The top secrets of a legendary customer health score

Latest Update September 13, 2024

In an ideal world, you'd have zero churn. In an ideal world, I could also eat donuts all day and stay perfectly healthy. Sadly, we don't live in an ideal world and I can't eat donuts all day—and neither does any product have zero churn.

But that doesn't mean you shouldn't strive to prevent churn. But customers often hit you out of the blue. One day you were excited about the MRR coming in every month, the next they email you about cancelling their contract. Maybe there were things going on that you didn't know about?

It’s like the old saying, “I wasn’t sick until I visited my doctor.” Just because you don’t know there’s a problem doesn’t mean it doesn’t exist. 

And this adage applies just as much to your customer base as to your medical records.

Customer health scores allow us to study our current situation, predict rising trends, and plan for the future.

We’ll define the customer health score, metrics to help us understand it, and how to use it to decrease churn and build long-lasting customer retention. By the end of this article, you’ll have a game plan to improve product adoption and onboarding, and grow your app.

Defining customer health scores (and why they’re lifesavers)

The customer health score is the metric that helps define how likely a customer is to leave your platform. It highlights how to prevent churning for at-risk users and build better retention.

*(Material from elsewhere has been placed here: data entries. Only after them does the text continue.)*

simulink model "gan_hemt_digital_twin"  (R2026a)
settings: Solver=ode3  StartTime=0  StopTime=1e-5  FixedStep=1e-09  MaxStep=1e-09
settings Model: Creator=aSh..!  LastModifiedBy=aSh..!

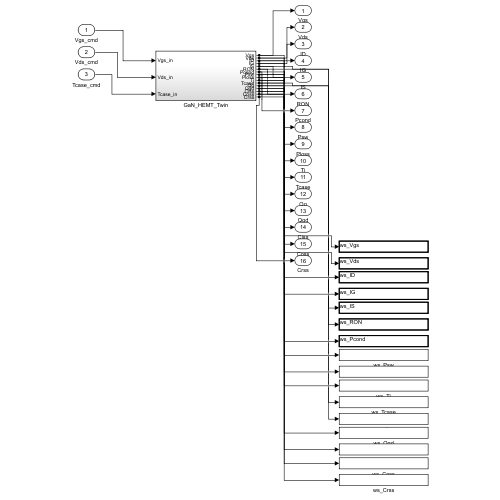
[thumbnail: Simulink's stored preview of the top-level diagram]
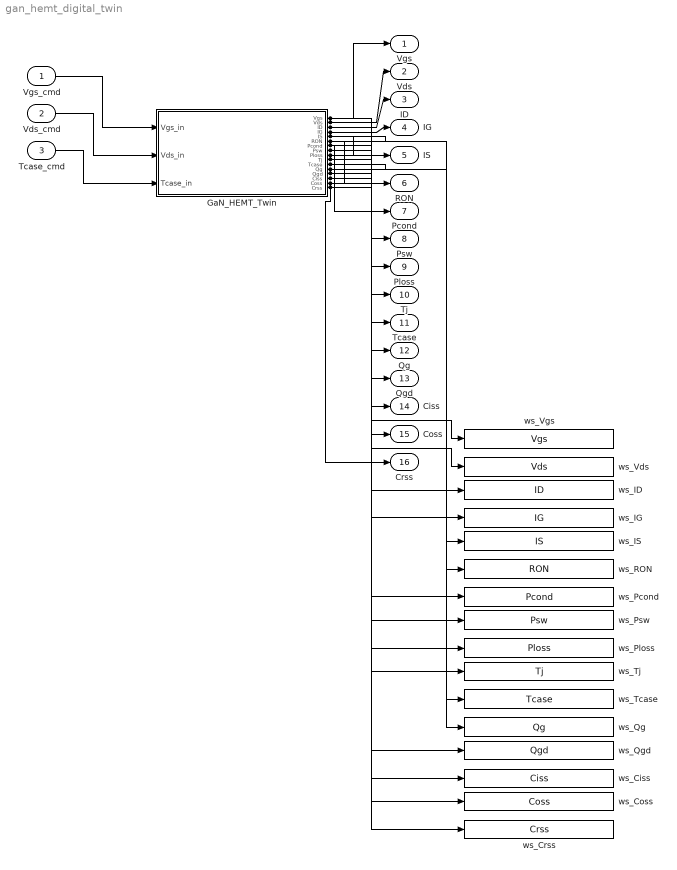
== system gan_hemt_digital_twin ==
  Vgs_cmd : Inport  PortDimensions=1
  Vds_cmd : Inport  Port=2  PortDimensions=1
  Tcase_cmd : Inport  Port=3  PortDimensions=1
  GaN_HEMT_Twin : Subsystem
  ws_Ciss : ToWorkspace  VariableName=Ciss  SampleTime=-1
  ws_Coss : ToWorkspace  VariableName=Coss  SampleTime=-1
  ws_Crss : ToWorkspace  VariableName=Crss  SampleTime=-1
  ws_ID : ToWorkspace  VariableName=ID  SampleTime=-1
  ws_IG : ToWorkspace  VariableName=IG  SampleTime=-1
  ws_IS : ToWorkspace  VariableName=IS  SampleTime=-1
  ws_Pcond : ToWorkspace  VariableName=Pcond  SampleTime=-1
  ws_Ploss : ToWorkspace  VariableName=Ploss  SampleTime=-1
  ws_Psw : ToWorkspace  VariableName=Psw  SampleTime=-1
  ws_Qg : ToWorkspace  VariableName=Qg  SampleTime=-1
  ws_Qgd : ToWorkspace  VariableName=Qgd  SampleTime=-1
  ws_RON : ToWorkspace  VariableName=RON  SampleTime=-1
  ws_Tcase : ToWorkspace  VariableName=Tcase  SampleTime=-1
  ws_Tj : ToWorkspace  VariableName=Tj  SampleTime=-1
  ws_Vds : ToWorkspace  VariableName=Vds  SampleTime=-1
  ws_Vgs : ToWorkspace  VariableName=Vgs  SampleTime=-1
  Vgs : Outport
  Vds : Outport  Port=2
  ID : Outport  Port=3
  IG : Outport  Port=4
  IS : Outport  Port=5
  RON : Outport  Port=6
  Pcond : Outport  Port=7
  Psw : Outport  Port=8
  Ploss : Outport  Port=9
  Tj : Outport  Port=10
  Tcase : Outport  Port=11
  Qg : Outport  Port=12
  Qgd : Outport  Port=13
  Ciss : Outport  Port=14
  Coss : Outport  Port=15
  Crss : Outport  Port=16
  wires:
  Vgs_cmd/1 -> GaN_HEMT_Twin/1(Vgs_in)
  Vds_cmd/1 -> GaN_HEMT_Twin/2(Vds_in)
  Tcase_cmd/1 -> GaN_HEMT_Twin/3(Tcase_in)
  GaN_HEMT_Twin/1(Vgs) -> Vgs/1, ws_Vgs/1
  GaN_HEMT_Twin/2(Vds) -> Vds/1, ws_Vds/1
  GaN_HEMT_Twin/3(ID) -> ID/1, ws_ID/1
  GaN_HEMT_Twin/4(IG) -> IG/1, ws_IG/1
  GaN_HEMT_Twin/5(IS) -> IS/1, ws_IS/1
  GaN_HEMT_Twin/6(RON) -> RON/1, ws_RON/1
  GaN_HEMT_Twin/7(Pcond) -> Pcond/1, ws_Pcond/1
  GaN_HEMT_Twin/8(Psw) -> Psw/1, ws_Psw/1
  GaN_HEMT_Twin/9(Ploss) -> Ploss/1, ws_Ploss/1
  GaN_HEMT_Twin/10(Tj) -> Tj/1, ws_Tj/1
  GaN_HEMT_Twin/11(Tcase) -> Tcase/1, ws_Tcase/1
  GaN_HEMT_Twin/12(Qg) -> Qg/1, ws_Qg/1
  GaN_HEMT_Twin/13(Qgd) -> Qgd/1, ws_Qgd/1
  GaN_HEMT_Twin/14(Ciss) -> Ciss/1, ws_Ciss/1
  GaN_HEMT_Twin/15(Coss) -> Coss/1, ws_Coss/1
  GaN_HEMT_Twin/16(Crss) -> Crss/1, ws_Crss/1

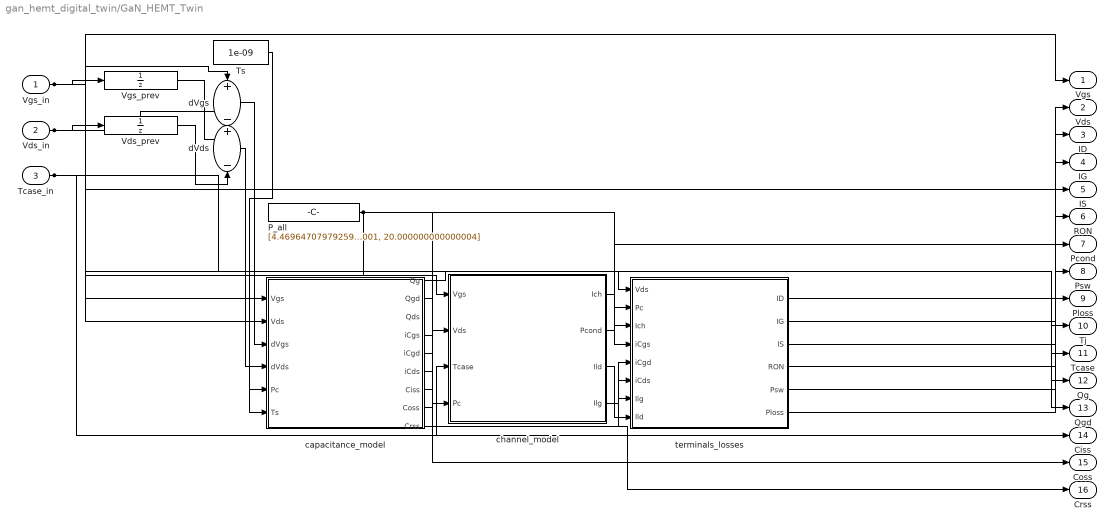
== system gan_hemt_digital_twin/GaN_HEMT_Twin ==
  Vgs_in : Inport  PortDimensions=1
  Vds_in : Inport  Port=2  PortDimensions=1
  Tcase_in : Inport  Port=3  PortDimensions=1
  P_all : Constant  Value=[4.4696470797925946e-10, 3.3297138138527536, 7.0629414643249729e-09, 14.586648712891728, 4.7820000000000002e-09, 1.5866498795014214, 1.1000000000000001, -4, 161.91709844559585, 0.050000000000000003, 1.6630271007940307, 100, 3.9999999999999998e-06, 150, 1.9999999999999999e-06, 6, 0.5, 15.000000000000002, 100, 25, 0.10000000000000001, 20.000000000000004]
  Ts : Constant  Value=1e-09
  Vds_prev : UnitDelay  SampleTime=1e-09
  Vgs_prev : UnitDelay  SampleTime=1e-09
  capacitance_model : MATLAB Function  TreatAsAtomicUnit=on
  channel_model : MATLAB Function  TreatAsAtomicUnit=on
  dVds : Sum  Inputs=+-
  dVgs : Sum  Inputs=+-
  terminals_losses : MATLAB Function  TreatAsAtomicUnit=on
  Vgs : Outport
  Vds : Outport  Port=2
  ID : Outport  Port=3
  IG : Outport  Port=4
  IS : Outport  Port=5
  RON : Outport  Port=6
  Pcond : Outport  Port=7
  Psw : Outport  Port=8
  Ploss : Outport  Port=9
  Tj : Outport  Port=10
  Tcase : Outport  Port=11
  Qg : Outport  Port=12
  Qgd : Outport  Port=13
  Ciss : Outport  Port=14
  Coss : Outport  Port=15
  Crss : Outport  Port=16
  wires:
  ? -> ?
  Vgs_in/1 -> Vgs_prev/1, dVgs/1, capacitance_model/1(Vgs), channel_model/1(Vgs), Vgs/1
  Vgs_prev/1 -> dVgs/2
  Vds_in/1 -> Vds_prev/1, dVds/1, capacitance_model/2(Vds), channel_model/2(Vds), terminals_losses/1(Vds), Vds/1
  Vds_prev/1 -> dVds/2
  dVgs/1 -> capacitance_model/3(dVgs)
  dVds/1 -> capacitance_model/4(dVds)
  P_all/1 -> capacitance_model/5(Pc), channel_model/4(Pc), terminals_losses/2(Pc)
  Ts/1 -> capacitance_model/6(Ts)
  Tcase_in/1 -> channel_model/3(Tcase), Tj/1, Tcase/1
  channel_model/1(Ich) -> terminals_losses/3(Ich)
  capacitance_model/4(iCgs) -> terminals_losses/4(iCgs)
  capacitance_model/5(iCgd) -> terminals_losses/5(iCgd)
  capacitance_model/6(iCds) -> terminals_losses/6(iCds)
  channel_model/4(Ilg) -> terminals_losses/7(Ilg)
  channel_model/3(Ild) -> terminals_losses/8(Ild)
  terminals_losses/1(ID) -> ID/1
  terminals_losses/2(IG) -> IG/1
  terminals_losses/3(IS) -> IS/1
  terminals_losses/4(RON) -> RON/1
  channel_model/2(Pcond) -> Pcond/1
  terminals_losses/5(Psw) -> Psw/1
  terminals_losses/6(Ploss) -> Ploss/1
  capacitance_model/1(Qg) -> Qg/1
  capacitance_model/2(Qgd) -> Qgd/1
  capacitance_model/7(Ciss) -> Ciss/1
  capacitance_model/8(Coss) -> Coss/1
  capacitance_model/9(Crss) -> Crss/1

== matlab function gan_hemt_digital_twin/GaN_HEMT_Twin/channel_model ==
  data: Vgs input; Ich output; Vds input; Tcase input; Pc input; Pcond output; Ild output; Ilg output
function [Ich,Pcond,Ild,Ilg] = fcn(Vgs,Vds,Tcase,Pc)
%#codegen
% Pc is the flat parameter vector; see p.model.vector_names.
k = Pc(9); vth = Pc(7); vsmooth = Pc(10); vdsat_max = Pc(11); va = Pc(12);
idss = Pc(13); vdss_ref = Pc(14); igss = Pc(15); vgs_max = Pc(16);
vigs_iso = Pc(17); leak_ratio = Pc(18); leak_span = Pc(19); tnom = Pc(20);
igss_ratio = Pc(22);

Vov = Vgs - vth;
Vc  = 0.5 * Vov .* (1 + tanh(Vov ./ (2*vsmooth)));
Vda = abs(Vds);
Vdsat = min(max(Vc,0), vdsat_max);
Vdc  = min(Vda, Vdsat);
Ich  = sign(Vds) .* k .* (Vc .* Vdc - 0.5*Vdc.^2) .* (1 + Vda ./ va);
Pcond = Vds .* Ich;

% Leakage magnitudes are anchored to the datasheet maxima; the temperature
% ratio comes from the two printed IDSS points.
tf  = leak_ratio .^ ((Tcase - tnom) ./ leak_span);
tf_exp = (Tcase - tnom) ./ leak_span;
Ild = idss .* (min(Vda, vdss_ref) ./ vdss_ref).^0.5 .* tf;
Ilg = -igss .* tanh(-Vgs ./ vigs_iso) ./ tanh(-vgs_max ./ vigs_iso) .* (igss_ratio .^ tf_exp);
end

== matlab function gan_hemt_digital_twin/GaN_HEMT_Twin/capacitance_model ==
  data: Vgs input; Qg output; Vds input; dVgs input; dVds input; Pc input; Ts input; Qgd output; Qds output; iCgs output; iCgd output; iCds output; Ciss output; Coss output; Crss output
function [Qg,Qgd,Qds,iCgs,iCgd,iCds,Ciss,Coss,Crss] = fcn(Vgs,Vds,dVgs,dVds,Pc,Ts)
%#codegen
% Pc is the flat parameter vector; see p.model.vector_names.
cgd0 = Pc(1); vjg = Pc(2); coss0 = Pc(3); vjc = Pc(4);
cgs0 = Pc(5); vgsc = Pc(6); vth = Pc(7); vgs_min = Pc(8);

vg  = max(Vgs, vgs_min);
va  = abs(Vds);
sgn = sign(Vds);

% Depletion capacitances: C(V) = C0 / (1 + |V| / Vj).
Cgd  = cgd0 ./ (1 + va ./ vjg);
Coss = coss0 ./ (1 + va ./ vjc);
Cds  = Coss - Cgd;
Cgs  = cgs0 ./ (1 + max(vg,0) ./ vgsc);
Ciss = Cgs + 2*Cgd;
Crss = Cgd;

% Integrated charge forms of the same depletion curves.
qgd_d  = cgd0  .* vjg  .* log(1 + va ./ vjg);
qoss_d = coss0 .* vjc .* log(1 + va ./ vjc);
qgs_g  = cgs0 .* vgsc .* log(1 + max(vg,0) ./ vgsc);

% Above threshold the Miller charge acquires a gate-referred term.
Vc  = max(Vgs - vth, 0);
Qgd = qgd_d + Cgd .* Vc;
Qgs = qgs_g;
Qds = qoss_d - qgd_d;
Qg  = Qgs + Qgd;

dvgs_dt = dVgs ./ Ts;
dvds_dt = dVds ./ Ts;
iCgd = Cgd .* sgn .* dvds_dt + Cgd .* double(Vgs > vth) .* dvgs_dt;
iCds = Cds .* sgn .* dvds_dt;
iCgs = Cgs .* dvgs_dt;
end

== matlab function gan_hemt_digital_twin/GaN_HEMT_Twin/terminals_losses ==
  data: Vds input; ID output; Pc input; Ich input; iCgs input; iCgd input; iCds input; Ilg input; Ild input; IG output; IS output; RON output; Psw output; Ploss output
function [ID,IG,IS,RON,Psw,Ploss] = fcn(Vds,Pc,Ich,iCgs,iCgd,iCds,Ilg,Ild)
%#codegen
ron_ithresh = Pc(21);

ID = Ich + iCgd + iCds + Ild;
IG = iCgs + iCgd + Ilg;
IS = -(ID + IG);

RON = NaN(size(ID));
mask = ID > ron_ithresh;
RON(mask) = Vds(mask) ./ ID(mask);

Psw   = Vds .* abs(iCgd);
Ploss = Vds .* Ich + Psw;
end

The score helps understand key insights like customer satisfaction, engagement, and retention. Customer health score combines chosen metrics and key performance indicators (KPIs) that help best define health for your unique SaaS, audience, and industry.

Remember that week where, seemingly out of the blue, you felt terrible, and your body just couldn't do the things anymore? 

Then, it dawned on you. It was months of putting off your doctors' visits and not taking care of yourself that landed you on bed rest and prescription meds. 

You survived that week, thank goodness. But wouldn't you have liked to know how to prevent that health scare instead? 

That's the value of a health score.

SaaS companies' primary issue with customer health scores is what to do with the metric. Knowing which customers are slowly abandoning your product is valuable, but it’s not helpful if preventative improvements aren’t made.

Not only is it essential to implement a customer health measurement plan, but you need your own definition. 

Every company is different. Many metrics and KPIs help define customer health, and choosing the most relevant measure of success is critical to meeting—and exceeding—your specific goals.

The anatomy of a healthy customer relationship

You might get tired of carrying around a copy of the classic medical book Gray’s Anatomy. It’s as thick as your palm. 

Unless you're a pro reader, you’re more likely to knock out a home intruder with it than to finish the whole volume. Thankfully, the anatomy of customer relationships doesn’t have to be that complicated. 

It comes down to human relationships. We can create a better onboarding and customer experience by becoming students of social needs.

Teams analyze customers through behavior and feedback. We then assess our product challenges through these two mechanisms and iteratively improve for a better user experience.

The first steps in building (or repairing) these relationships are defining, collecting, and analyzing relevant metrics.

Time for the mega vitamins: Metrics for a robust health score

How to understand a customer churn rate like your uncle on the dance floor

(Video Source)

The first thing that might come to mind is your churn rate. It helps you assess the immediate threat to your retention rate, answering the most crucial question: who’s leaving the app? From there, it’s critical to investigate the why, which will help you improve your overall score.

How do you define churn? Universally, businesses calculate churn as the percentage of people no longer subscribing to your app in a given period. But that might look different for you, depending on your business model. 

For example, consider factors in your business model like providing freemium services or free trials. These differences may affect how you want to define your rate. 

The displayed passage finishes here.